_TO DO_. Repeat exactly every line that comes at or after the line containing "point P6 (-48.046, 5)", through the end of the entries below.

_EXCERPTED RECORDS_.
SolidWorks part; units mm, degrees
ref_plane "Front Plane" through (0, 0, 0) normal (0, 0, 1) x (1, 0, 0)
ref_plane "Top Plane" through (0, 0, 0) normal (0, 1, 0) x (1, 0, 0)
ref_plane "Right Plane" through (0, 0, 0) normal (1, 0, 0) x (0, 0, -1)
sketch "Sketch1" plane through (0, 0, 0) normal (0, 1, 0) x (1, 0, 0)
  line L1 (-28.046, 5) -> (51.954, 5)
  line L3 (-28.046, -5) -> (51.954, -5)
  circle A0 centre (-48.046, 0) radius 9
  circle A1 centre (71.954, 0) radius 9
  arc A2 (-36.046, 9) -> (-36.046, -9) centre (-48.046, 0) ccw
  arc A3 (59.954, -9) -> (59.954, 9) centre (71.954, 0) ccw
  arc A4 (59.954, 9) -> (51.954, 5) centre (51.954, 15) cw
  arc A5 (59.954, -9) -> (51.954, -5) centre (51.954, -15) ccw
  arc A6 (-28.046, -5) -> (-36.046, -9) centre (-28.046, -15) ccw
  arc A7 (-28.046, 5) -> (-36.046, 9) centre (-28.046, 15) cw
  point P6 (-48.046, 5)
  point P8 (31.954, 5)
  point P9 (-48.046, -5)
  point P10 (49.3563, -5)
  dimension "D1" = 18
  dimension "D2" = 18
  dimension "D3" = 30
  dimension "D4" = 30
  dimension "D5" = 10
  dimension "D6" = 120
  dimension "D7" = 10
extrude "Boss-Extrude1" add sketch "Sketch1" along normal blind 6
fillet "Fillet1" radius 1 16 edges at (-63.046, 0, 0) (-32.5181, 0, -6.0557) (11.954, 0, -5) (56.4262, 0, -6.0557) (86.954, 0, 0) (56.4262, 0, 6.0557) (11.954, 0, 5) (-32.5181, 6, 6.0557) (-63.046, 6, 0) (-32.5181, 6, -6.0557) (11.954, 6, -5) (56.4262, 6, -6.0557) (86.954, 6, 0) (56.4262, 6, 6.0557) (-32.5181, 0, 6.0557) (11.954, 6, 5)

_RESPONSE TO THE EXERCISE_.
  point P6 (-48.046, 5)
  point P8 (31.954, 5)
  point P9 (-48.046, -5)
  point P10 (49.3563, -5)
  dimension "D1" = 18
  dimension "D2" = 18
  dimension "D3" = 30
  dimension "D4" = 30
  dimension "D5" = 10
  dimension "D6" = 120
  dimension "D7" = 10
extrude "Boss-Extrude1" add sketch "Sketch1" along normal blind 6
fillet "Fillet1" radius 1 16 edges at (-63.046, 0, 0) (-32.5181, 0, -6.0557) (11.954, 0, -5) (56.4262, 0, -6.0557) (86.954, 0, 0) (56.4262, 0, 6.0557) (11.954, 0, 5) (-32.5181, 6, 6.0557) (-63.046, 6, 0) (-32.5181, 6, -6.0557) (11.954, 6, -5) (56.4262, 6, -6.0557) (86.954, 6, 0) (56.4262, 6, 6.0557) (-32.5181, 0, 6.0557) (11.954, 6, 5)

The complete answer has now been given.